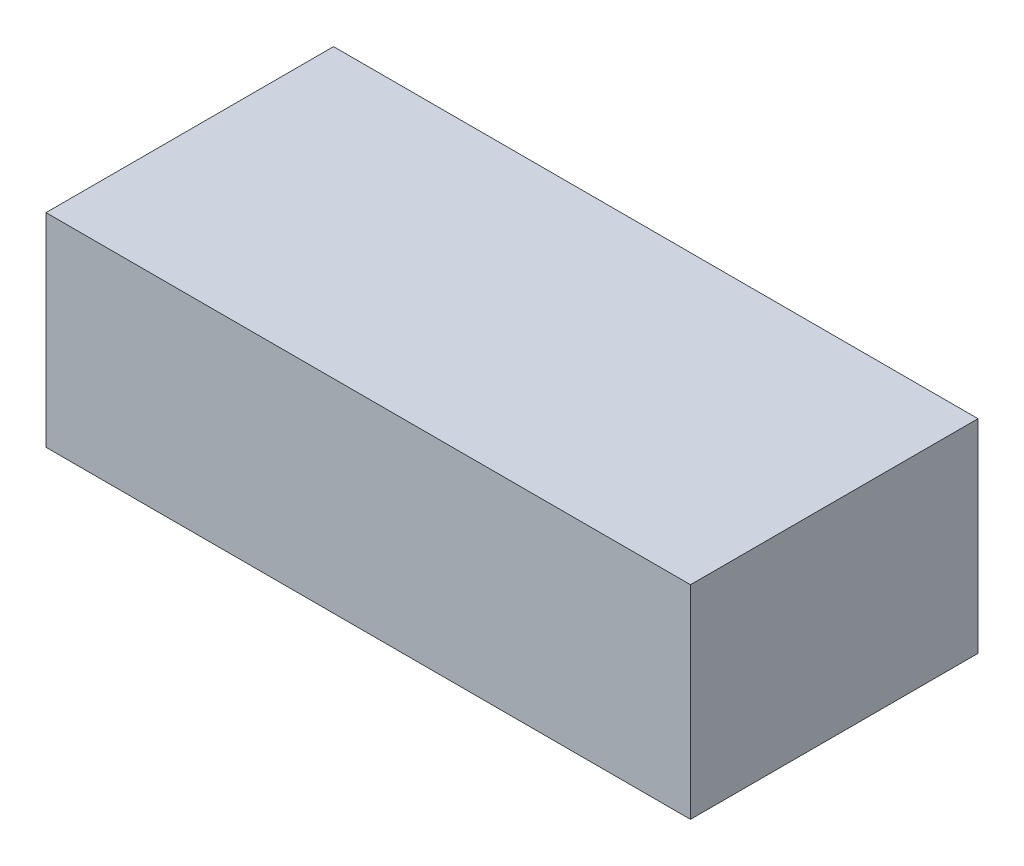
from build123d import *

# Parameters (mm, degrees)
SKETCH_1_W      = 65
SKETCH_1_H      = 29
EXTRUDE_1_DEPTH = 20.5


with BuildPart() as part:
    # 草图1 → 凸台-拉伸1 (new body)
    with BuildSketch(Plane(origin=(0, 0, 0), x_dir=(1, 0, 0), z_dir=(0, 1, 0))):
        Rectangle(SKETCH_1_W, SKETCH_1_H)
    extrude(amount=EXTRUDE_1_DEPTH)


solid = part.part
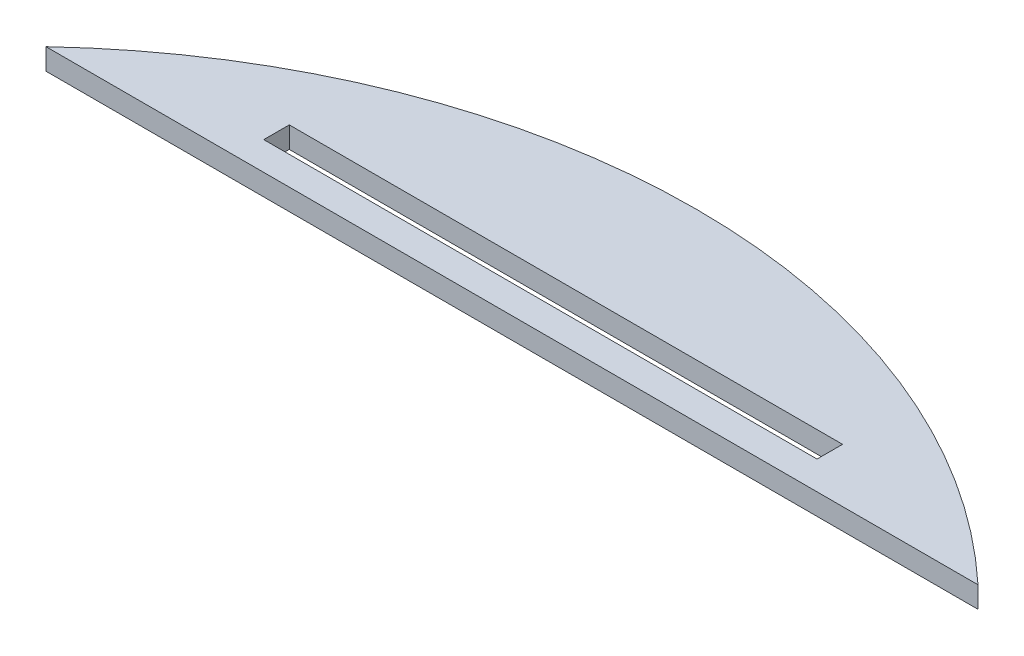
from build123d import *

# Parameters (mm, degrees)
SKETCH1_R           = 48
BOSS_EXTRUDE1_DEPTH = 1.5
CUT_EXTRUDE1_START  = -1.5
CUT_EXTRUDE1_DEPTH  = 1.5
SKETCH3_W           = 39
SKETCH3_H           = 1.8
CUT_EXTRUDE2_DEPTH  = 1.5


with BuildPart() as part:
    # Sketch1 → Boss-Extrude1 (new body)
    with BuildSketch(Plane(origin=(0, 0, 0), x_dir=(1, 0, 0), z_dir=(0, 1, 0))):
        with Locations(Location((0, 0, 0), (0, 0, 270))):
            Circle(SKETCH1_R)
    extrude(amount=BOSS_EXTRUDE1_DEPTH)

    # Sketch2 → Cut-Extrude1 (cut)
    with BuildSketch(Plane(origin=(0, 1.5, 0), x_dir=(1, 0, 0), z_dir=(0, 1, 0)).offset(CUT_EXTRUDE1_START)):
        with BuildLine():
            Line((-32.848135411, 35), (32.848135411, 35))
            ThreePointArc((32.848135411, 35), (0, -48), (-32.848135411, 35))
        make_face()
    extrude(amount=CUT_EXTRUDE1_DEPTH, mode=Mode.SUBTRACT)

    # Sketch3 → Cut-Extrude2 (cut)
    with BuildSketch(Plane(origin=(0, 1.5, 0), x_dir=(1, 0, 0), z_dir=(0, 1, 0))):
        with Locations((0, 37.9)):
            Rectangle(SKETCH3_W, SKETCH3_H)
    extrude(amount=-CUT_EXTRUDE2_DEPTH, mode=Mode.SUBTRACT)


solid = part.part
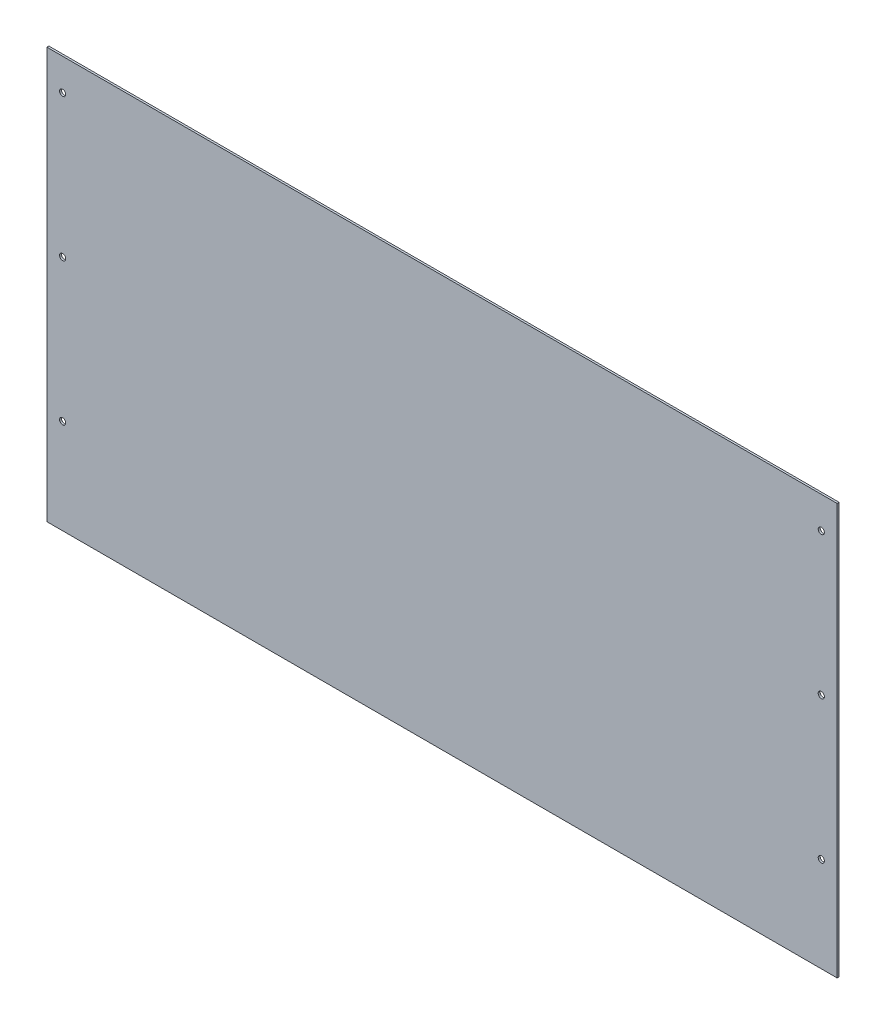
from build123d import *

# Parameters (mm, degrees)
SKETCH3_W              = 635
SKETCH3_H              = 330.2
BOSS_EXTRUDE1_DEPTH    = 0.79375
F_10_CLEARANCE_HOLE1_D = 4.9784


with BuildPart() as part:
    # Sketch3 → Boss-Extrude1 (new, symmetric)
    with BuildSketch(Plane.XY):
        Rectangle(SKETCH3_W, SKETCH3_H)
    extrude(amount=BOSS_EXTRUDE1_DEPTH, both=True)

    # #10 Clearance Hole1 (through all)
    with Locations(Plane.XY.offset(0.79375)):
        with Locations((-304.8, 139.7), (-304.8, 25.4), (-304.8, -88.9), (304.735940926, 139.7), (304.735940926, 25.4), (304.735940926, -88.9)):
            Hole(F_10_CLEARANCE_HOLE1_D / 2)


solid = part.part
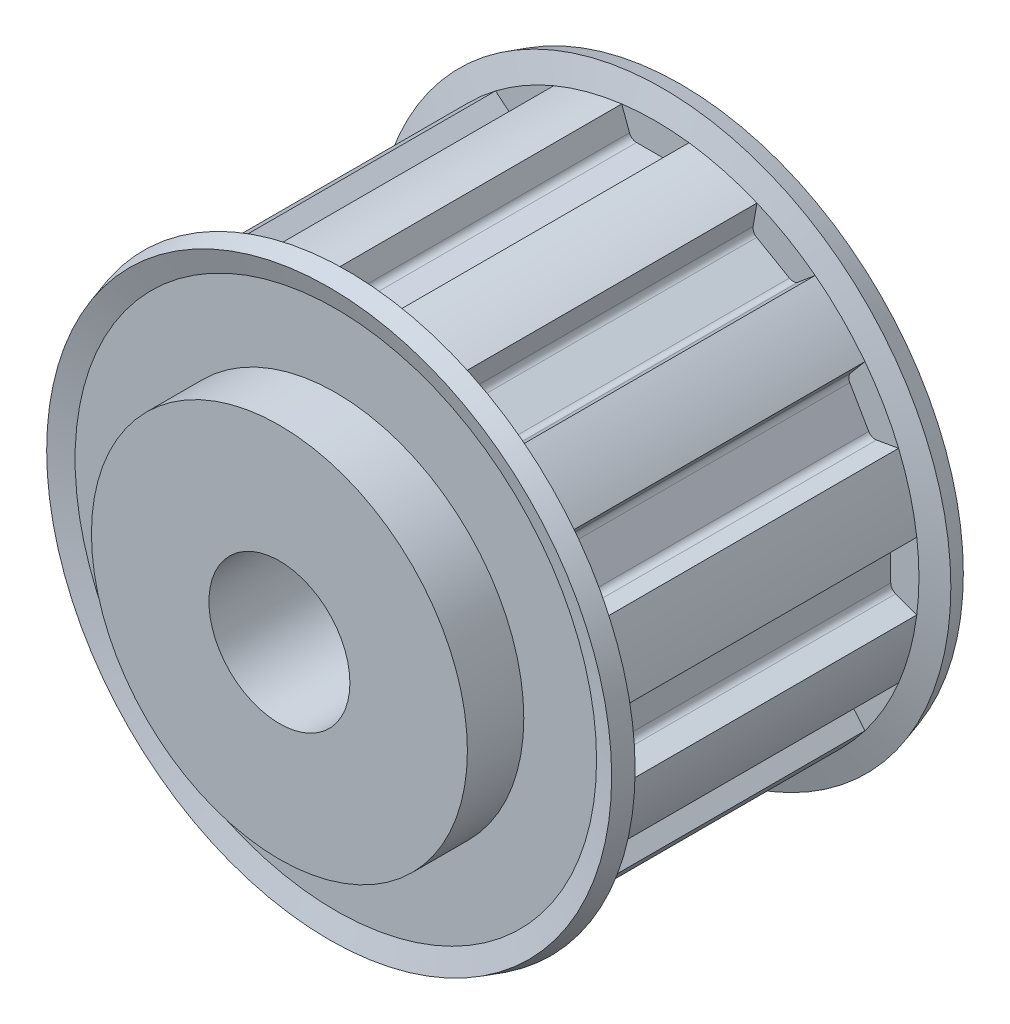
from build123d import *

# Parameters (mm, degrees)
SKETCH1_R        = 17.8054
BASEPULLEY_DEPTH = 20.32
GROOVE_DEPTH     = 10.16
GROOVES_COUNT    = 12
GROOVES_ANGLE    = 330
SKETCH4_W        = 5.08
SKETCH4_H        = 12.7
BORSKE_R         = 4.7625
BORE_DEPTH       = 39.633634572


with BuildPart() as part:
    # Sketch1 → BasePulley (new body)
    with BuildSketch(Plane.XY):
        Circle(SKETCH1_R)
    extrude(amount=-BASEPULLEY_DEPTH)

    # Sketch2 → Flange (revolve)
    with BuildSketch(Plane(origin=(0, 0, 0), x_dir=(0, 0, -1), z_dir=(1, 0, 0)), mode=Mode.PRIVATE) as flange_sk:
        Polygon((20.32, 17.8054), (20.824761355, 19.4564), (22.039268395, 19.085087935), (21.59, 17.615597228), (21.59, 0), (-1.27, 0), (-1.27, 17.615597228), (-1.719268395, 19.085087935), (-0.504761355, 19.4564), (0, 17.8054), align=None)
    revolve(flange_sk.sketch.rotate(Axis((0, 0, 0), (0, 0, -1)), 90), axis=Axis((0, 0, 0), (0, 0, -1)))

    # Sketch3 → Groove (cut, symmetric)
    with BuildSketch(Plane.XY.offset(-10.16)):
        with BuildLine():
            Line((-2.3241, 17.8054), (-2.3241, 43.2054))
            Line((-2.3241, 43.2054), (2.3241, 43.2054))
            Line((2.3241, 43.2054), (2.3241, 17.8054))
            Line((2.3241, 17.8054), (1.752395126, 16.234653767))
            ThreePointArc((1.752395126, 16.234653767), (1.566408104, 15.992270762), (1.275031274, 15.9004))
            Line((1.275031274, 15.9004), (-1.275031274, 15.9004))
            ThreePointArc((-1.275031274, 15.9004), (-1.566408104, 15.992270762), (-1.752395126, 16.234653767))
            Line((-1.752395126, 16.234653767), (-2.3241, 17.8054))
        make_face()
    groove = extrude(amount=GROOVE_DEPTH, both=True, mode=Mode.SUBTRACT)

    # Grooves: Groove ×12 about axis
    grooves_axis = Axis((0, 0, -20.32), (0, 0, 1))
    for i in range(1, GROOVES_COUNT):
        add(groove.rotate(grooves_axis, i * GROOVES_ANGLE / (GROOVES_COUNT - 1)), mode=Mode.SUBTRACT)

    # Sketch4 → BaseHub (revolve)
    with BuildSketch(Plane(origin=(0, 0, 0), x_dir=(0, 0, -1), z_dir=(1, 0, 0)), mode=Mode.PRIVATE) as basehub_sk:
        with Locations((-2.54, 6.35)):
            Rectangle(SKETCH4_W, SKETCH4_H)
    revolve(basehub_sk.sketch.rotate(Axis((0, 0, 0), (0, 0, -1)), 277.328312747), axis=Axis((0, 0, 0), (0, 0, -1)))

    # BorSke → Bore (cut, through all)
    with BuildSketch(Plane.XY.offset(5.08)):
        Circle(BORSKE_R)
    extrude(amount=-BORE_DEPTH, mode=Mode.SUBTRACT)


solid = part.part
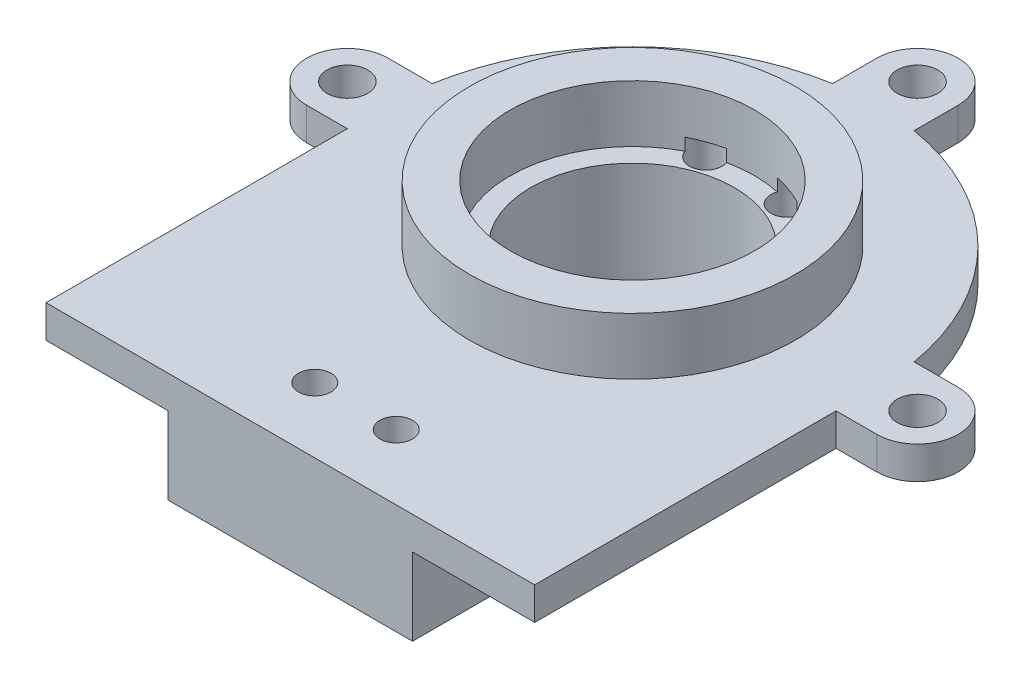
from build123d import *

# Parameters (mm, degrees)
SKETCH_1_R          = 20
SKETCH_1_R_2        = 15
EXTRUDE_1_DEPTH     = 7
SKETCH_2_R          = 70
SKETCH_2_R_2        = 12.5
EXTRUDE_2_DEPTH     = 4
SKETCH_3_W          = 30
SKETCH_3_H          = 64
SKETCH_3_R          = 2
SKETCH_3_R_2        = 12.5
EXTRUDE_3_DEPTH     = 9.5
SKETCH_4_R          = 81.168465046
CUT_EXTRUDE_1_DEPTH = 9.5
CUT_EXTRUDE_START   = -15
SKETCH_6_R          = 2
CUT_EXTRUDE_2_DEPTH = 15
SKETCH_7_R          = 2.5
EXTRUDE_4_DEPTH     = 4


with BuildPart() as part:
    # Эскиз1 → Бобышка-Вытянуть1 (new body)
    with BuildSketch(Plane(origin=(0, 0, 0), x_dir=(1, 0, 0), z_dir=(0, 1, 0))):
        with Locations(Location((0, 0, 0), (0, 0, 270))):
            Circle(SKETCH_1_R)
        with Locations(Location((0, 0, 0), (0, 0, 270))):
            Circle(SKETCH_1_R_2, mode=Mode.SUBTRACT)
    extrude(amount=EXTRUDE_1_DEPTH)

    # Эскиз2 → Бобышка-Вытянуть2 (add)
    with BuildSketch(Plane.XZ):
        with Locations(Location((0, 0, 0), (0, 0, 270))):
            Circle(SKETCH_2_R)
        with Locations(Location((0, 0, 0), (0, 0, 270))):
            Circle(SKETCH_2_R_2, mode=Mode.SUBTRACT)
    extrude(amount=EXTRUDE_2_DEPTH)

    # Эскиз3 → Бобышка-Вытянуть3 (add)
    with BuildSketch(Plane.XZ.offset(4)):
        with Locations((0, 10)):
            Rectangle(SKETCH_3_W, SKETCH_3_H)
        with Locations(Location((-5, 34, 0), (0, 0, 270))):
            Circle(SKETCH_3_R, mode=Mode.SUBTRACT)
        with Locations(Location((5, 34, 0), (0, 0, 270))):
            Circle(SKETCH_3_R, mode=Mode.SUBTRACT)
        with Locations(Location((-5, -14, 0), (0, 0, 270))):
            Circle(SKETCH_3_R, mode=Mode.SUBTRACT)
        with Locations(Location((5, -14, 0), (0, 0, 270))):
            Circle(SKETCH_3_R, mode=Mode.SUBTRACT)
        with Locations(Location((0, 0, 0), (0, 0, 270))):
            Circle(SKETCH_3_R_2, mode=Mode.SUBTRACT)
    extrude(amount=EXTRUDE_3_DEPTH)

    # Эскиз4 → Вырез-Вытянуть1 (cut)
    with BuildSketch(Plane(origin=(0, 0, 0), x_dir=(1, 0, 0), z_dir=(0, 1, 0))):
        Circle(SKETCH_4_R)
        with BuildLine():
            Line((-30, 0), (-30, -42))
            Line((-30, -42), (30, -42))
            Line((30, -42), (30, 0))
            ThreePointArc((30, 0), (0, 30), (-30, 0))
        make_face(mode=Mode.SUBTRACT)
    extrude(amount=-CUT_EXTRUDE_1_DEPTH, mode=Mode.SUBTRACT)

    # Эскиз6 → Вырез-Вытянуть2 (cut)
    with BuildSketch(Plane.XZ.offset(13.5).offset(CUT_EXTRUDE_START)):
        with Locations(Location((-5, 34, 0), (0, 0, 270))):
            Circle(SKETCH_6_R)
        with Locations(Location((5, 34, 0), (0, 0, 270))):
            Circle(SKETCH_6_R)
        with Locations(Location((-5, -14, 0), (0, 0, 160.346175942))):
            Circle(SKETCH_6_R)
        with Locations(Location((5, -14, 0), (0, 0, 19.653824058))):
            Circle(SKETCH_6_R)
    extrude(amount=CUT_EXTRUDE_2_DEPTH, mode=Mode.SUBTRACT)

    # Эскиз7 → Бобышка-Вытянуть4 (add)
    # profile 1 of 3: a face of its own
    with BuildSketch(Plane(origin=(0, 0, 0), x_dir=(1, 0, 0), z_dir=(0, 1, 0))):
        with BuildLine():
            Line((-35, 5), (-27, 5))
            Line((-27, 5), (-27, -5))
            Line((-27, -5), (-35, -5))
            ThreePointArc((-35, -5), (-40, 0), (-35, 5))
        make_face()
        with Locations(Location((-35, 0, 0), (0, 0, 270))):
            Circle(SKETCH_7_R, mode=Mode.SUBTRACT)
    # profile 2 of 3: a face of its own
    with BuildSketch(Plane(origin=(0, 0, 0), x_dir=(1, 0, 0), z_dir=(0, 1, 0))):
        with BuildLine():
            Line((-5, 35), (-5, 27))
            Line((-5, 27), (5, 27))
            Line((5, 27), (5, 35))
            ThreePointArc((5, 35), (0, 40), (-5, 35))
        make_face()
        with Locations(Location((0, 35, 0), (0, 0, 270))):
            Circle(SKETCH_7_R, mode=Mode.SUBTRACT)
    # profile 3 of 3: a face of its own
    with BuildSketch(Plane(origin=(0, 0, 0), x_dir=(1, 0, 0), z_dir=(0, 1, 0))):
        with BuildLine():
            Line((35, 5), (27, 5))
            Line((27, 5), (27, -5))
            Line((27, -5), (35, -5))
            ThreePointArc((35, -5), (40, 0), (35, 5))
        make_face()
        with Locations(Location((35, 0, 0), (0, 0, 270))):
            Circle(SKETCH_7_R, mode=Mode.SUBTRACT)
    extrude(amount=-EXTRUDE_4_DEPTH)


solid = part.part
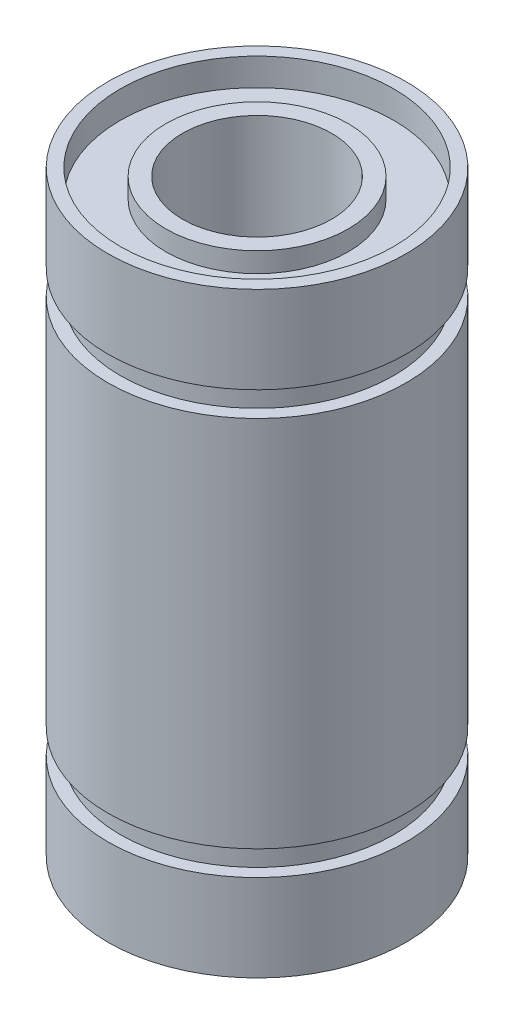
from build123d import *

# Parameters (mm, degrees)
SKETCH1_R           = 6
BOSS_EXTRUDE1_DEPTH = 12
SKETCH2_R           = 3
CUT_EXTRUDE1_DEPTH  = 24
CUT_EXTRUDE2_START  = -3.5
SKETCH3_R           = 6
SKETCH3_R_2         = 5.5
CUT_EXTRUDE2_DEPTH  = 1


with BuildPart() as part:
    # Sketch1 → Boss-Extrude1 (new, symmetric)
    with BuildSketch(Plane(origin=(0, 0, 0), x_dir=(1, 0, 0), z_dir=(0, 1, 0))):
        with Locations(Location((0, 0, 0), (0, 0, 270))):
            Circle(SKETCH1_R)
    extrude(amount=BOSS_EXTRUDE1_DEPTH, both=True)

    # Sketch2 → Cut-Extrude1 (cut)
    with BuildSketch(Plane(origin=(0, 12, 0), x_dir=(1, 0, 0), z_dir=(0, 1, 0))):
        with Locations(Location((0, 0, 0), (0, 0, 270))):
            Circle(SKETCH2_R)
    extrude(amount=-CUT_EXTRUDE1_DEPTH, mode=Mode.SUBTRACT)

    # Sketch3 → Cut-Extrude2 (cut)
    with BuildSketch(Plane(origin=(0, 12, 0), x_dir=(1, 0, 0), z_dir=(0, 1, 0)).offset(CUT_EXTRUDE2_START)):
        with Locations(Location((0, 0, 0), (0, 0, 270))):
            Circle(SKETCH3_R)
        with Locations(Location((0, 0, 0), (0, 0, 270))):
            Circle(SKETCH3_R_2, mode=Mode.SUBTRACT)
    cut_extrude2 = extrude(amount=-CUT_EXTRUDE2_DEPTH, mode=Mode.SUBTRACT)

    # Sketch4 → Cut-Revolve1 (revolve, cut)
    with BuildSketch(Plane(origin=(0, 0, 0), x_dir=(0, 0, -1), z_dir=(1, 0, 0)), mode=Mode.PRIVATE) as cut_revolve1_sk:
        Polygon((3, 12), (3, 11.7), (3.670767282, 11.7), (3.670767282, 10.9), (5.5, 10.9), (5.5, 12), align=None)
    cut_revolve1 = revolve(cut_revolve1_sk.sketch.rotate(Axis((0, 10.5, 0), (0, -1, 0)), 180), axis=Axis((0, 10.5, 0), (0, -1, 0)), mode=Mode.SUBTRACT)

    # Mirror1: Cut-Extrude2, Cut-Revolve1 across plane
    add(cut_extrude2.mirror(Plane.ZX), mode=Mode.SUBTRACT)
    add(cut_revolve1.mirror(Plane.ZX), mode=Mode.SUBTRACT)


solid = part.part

What to work on: The answer must be the lines from the first one in the records through the line containing "Rectangle(SKETCH_1_W, SKETCH_1_H)", copied exactly, with no pictures.

Task answer:
from build123d import *

# Parameters (mm, degrees)
SKETCH_1_W      = 65
SKETCH_1_H      = 29
EXTRUDE_1_DEPTH = 20.5


with BuildPart() as part:
    # 草图1 → 凸台-拉伸1 (new body)
    with BuildSketch(Plane(origin=(0, 0, 0), x_dir=(1, 0, 0), z_dir=(0, 1, 0))):
        Rectangle(SKETCH_1_W, SKETCH_1_H)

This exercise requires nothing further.